# Integrating Wireless Into Home Media Network



## gregsdouglas (Feb 20, 2013)

Wondering if I can get around having to open up drywall to run cabling.... 

I want to be able to stream HD content from a NAS to my AVR. It seems to me, the biggest bandwidth requirement would be between the receiver and the NAS and if I was prepared to take a little more time uploading content from my laptop to the NAS over an 802.11n connection directly to a wireless dongle on the NAS, once the media was loaded, streaming via a CAT6 cable would be just fine. Looking at media streamers like AppleTV and whatnot, but I don't think the hardware selection there would affect what I'm trying to achieve for connectivity.

Any down side to this other than the longer upload time over wireless when loading content onto the NAS? onder:

Basically it would be:

Laptop/Digital Camera < -wireless link- > NAS Server <--> Media Streamer Box <--> AVR -> A/V Equipment/iPhone/iPad/etc.

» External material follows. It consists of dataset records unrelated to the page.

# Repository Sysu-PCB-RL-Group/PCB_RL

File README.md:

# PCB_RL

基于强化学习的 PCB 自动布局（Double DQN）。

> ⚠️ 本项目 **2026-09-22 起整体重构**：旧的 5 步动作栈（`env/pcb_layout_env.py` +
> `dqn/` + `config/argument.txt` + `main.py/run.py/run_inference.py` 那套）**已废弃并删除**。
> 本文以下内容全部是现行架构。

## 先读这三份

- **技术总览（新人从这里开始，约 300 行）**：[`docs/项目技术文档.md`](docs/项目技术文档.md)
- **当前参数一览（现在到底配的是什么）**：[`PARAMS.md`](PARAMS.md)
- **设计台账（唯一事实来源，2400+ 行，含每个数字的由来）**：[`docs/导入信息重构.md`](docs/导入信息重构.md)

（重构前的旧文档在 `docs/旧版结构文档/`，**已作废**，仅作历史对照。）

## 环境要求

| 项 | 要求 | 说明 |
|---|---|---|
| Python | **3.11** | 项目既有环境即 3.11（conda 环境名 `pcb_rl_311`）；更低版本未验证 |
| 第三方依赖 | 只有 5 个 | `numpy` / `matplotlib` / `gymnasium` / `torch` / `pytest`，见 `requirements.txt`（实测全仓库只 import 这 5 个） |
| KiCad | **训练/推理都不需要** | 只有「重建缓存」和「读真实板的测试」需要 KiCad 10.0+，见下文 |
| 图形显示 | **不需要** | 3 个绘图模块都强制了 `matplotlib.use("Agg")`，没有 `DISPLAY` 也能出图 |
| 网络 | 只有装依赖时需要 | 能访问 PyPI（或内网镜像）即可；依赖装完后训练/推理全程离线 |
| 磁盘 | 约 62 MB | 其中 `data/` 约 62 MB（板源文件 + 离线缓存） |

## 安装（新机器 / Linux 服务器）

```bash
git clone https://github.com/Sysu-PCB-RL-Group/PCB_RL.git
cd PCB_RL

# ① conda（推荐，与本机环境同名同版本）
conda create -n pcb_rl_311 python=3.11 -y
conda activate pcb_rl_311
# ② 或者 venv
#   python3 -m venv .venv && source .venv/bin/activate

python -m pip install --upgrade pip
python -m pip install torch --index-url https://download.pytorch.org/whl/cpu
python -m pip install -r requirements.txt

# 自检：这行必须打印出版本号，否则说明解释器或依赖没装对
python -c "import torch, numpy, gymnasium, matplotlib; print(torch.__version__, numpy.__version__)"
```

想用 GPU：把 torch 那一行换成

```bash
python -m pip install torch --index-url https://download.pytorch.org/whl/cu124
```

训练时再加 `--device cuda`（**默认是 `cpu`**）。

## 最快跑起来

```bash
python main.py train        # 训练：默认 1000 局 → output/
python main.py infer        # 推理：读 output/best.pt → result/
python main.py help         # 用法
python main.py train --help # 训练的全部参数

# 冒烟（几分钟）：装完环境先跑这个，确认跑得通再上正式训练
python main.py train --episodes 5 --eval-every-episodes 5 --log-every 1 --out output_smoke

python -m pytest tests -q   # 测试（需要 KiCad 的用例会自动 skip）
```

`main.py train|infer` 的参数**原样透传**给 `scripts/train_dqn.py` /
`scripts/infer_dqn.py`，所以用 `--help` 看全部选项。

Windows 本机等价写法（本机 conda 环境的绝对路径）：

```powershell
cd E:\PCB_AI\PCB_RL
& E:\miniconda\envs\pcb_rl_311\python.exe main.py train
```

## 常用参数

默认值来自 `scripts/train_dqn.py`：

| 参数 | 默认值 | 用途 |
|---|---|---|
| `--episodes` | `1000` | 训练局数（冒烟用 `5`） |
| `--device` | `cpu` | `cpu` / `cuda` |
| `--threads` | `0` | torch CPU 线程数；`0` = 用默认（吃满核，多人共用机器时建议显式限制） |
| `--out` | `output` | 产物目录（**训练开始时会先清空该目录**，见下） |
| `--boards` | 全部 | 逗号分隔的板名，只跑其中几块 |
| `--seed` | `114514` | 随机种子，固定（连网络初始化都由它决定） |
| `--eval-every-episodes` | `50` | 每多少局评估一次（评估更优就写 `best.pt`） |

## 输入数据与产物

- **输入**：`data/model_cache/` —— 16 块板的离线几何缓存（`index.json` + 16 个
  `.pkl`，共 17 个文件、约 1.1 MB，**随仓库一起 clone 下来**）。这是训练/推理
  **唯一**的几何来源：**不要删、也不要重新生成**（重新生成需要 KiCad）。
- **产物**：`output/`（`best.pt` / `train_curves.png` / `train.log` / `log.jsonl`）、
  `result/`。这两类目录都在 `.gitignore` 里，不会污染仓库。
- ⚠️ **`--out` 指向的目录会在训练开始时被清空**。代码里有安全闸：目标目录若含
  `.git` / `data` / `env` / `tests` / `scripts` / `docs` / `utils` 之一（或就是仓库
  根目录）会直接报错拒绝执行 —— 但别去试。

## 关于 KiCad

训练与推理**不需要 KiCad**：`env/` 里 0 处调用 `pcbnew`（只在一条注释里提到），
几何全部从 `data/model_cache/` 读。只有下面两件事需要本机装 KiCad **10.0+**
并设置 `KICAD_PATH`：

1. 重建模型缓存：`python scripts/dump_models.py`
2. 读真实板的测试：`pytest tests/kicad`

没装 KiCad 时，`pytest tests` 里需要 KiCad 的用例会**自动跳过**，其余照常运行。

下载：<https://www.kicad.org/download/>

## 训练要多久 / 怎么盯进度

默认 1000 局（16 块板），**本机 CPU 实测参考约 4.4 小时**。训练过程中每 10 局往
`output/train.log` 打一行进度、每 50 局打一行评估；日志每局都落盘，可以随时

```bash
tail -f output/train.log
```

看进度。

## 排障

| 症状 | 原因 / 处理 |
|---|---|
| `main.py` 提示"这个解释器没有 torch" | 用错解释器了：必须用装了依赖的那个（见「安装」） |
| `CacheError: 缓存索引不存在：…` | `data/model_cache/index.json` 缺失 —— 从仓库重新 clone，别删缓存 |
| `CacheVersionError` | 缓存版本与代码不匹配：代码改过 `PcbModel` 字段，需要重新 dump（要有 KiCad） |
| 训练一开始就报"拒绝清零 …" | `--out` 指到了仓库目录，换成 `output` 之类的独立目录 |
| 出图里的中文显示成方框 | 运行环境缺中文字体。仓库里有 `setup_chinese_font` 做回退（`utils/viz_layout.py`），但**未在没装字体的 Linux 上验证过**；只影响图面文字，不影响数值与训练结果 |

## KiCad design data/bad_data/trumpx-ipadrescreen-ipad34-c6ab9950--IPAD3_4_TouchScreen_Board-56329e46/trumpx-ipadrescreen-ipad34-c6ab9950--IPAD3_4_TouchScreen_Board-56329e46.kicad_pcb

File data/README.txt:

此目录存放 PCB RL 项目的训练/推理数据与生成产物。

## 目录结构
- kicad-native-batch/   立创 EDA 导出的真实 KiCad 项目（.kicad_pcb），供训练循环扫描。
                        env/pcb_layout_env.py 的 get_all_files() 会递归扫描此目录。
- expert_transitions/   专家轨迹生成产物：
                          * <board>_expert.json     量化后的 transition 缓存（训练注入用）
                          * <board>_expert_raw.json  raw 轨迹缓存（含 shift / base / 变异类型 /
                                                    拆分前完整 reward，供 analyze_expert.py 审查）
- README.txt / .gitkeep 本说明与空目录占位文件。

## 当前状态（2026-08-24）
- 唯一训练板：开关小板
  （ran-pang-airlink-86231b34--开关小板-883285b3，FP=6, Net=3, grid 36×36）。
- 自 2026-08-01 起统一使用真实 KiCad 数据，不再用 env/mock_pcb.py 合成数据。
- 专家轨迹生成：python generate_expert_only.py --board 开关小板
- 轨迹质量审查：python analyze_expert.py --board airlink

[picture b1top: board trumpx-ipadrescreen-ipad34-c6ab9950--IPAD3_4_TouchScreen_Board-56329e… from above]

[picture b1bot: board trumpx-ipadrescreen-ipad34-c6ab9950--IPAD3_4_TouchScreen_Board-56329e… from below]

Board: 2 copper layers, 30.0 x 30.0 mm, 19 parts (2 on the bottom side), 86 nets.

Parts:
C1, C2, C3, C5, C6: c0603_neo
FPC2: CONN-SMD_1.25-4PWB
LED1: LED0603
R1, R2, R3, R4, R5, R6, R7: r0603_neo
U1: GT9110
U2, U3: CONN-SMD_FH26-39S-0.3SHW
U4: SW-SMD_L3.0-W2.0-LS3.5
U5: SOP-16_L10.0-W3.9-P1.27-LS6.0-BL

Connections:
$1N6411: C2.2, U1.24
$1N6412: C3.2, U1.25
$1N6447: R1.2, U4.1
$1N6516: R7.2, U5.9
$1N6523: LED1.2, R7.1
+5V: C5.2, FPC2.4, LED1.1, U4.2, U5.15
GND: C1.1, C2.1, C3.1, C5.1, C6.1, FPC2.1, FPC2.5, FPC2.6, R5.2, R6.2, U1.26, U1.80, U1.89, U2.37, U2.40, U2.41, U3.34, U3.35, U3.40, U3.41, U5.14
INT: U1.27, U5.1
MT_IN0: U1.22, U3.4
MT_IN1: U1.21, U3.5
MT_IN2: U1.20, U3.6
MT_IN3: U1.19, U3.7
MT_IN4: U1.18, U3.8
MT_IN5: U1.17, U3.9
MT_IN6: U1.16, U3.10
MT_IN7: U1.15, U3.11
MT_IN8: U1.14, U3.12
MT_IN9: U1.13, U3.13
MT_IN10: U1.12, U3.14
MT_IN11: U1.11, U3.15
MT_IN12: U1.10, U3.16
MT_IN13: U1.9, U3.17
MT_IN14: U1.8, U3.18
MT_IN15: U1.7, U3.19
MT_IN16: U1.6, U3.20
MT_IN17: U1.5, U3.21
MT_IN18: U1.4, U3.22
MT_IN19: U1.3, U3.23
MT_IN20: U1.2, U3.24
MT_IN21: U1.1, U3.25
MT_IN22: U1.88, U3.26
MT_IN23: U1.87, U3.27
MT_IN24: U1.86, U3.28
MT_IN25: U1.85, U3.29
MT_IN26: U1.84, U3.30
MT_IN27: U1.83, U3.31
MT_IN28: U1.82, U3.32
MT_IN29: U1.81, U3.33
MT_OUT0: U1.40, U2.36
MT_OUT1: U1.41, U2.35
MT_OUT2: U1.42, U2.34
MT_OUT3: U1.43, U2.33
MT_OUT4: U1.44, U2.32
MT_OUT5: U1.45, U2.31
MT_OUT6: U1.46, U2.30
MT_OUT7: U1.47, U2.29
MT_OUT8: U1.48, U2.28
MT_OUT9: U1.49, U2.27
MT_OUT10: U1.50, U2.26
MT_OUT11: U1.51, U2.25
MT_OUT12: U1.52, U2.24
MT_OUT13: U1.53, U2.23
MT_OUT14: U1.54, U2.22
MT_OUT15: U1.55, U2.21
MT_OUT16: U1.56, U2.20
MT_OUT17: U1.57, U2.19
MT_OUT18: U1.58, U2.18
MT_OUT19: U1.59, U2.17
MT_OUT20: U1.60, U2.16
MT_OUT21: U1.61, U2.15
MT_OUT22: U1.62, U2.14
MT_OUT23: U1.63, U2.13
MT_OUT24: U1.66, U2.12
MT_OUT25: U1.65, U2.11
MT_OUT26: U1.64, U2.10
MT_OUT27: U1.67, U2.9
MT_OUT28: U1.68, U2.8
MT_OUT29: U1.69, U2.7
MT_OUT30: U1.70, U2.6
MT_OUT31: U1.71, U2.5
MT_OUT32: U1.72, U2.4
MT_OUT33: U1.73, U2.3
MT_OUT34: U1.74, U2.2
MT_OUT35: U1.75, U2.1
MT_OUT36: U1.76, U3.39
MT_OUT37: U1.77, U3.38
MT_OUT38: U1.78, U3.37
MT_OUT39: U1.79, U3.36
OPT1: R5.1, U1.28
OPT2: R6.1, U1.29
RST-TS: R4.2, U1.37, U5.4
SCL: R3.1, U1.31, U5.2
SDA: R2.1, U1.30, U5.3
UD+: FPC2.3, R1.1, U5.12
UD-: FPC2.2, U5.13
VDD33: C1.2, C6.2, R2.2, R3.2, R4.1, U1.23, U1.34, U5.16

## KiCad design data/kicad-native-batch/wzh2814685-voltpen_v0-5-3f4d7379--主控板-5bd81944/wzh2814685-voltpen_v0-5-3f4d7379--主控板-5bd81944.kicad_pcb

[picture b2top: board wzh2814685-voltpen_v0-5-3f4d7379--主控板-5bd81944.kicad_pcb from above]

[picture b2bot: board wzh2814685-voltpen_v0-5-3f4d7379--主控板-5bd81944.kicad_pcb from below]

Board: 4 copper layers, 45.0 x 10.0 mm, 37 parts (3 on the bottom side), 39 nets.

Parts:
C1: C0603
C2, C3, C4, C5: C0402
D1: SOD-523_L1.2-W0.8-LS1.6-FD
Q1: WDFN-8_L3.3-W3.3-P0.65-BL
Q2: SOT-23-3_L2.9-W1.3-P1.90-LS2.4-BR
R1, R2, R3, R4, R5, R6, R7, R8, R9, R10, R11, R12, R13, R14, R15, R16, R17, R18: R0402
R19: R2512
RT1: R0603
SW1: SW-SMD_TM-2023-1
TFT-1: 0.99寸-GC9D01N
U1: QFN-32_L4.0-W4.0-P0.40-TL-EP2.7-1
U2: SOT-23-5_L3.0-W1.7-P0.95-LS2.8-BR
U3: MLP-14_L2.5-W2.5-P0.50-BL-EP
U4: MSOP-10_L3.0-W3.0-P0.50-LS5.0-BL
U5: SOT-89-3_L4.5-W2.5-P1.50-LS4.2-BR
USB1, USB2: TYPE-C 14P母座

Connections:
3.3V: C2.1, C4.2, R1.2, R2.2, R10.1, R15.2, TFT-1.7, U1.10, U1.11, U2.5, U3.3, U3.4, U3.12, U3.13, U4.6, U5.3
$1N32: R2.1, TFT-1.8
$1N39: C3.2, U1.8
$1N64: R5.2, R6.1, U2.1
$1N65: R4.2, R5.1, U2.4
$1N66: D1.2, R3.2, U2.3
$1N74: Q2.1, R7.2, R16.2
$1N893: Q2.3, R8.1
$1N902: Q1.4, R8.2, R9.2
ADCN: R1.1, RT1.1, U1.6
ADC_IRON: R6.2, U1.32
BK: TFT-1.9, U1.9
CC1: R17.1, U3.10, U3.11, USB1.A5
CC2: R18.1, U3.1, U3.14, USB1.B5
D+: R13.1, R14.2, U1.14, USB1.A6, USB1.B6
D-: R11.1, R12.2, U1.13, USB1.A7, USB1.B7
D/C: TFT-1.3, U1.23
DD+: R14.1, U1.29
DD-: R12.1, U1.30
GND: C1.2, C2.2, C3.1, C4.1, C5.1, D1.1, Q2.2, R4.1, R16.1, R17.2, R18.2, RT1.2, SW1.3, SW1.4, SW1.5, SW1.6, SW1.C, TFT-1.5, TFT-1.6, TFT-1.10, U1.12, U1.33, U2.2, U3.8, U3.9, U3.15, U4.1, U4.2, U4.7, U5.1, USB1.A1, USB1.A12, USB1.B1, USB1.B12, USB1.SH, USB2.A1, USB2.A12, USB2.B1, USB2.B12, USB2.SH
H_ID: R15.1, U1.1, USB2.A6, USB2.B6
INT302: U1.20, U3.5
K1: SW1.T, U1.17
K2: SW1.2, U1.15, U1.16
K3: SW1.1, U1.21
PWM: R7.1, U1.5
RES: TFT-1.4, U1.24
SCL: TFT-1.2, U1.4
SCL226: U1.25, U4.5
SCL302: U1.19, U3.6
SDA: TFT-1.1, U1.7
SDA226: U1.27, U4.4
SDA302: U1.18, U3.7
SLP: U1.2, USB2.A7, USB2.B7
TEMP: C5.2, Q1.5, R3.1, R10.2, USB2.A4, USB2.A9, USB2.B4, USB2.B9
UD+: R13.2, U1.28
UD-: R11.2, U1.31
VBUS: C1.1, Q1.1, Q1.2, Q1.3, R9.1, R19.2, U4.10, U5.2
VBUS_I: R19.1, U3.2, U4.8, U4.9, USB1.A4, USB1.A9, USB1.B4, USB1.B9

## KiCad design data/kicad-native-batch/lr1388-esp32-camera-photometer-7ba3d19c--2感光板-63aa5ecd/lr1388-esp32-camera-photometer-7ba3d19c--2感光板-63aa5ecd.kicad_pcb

This all came about when I got my wife a 16GB iPad for Christmas and she now wants access to a bunch of photos and mp3 files within the confines of the Apple product's limited memory. The cloud services would make everything accessible over the internet without having to store it all locally. I just figured I'd like to integrate it with the AV system while I'm at it. May as well wring out the most value I can from the equipment I'll need anyway.....


----------



## robbo266317 (Sep 22, 2008)

I cannot see any reason why that would not work. 
The only downside is the speed of uploading to the NAS, As you have already pointed out.


----------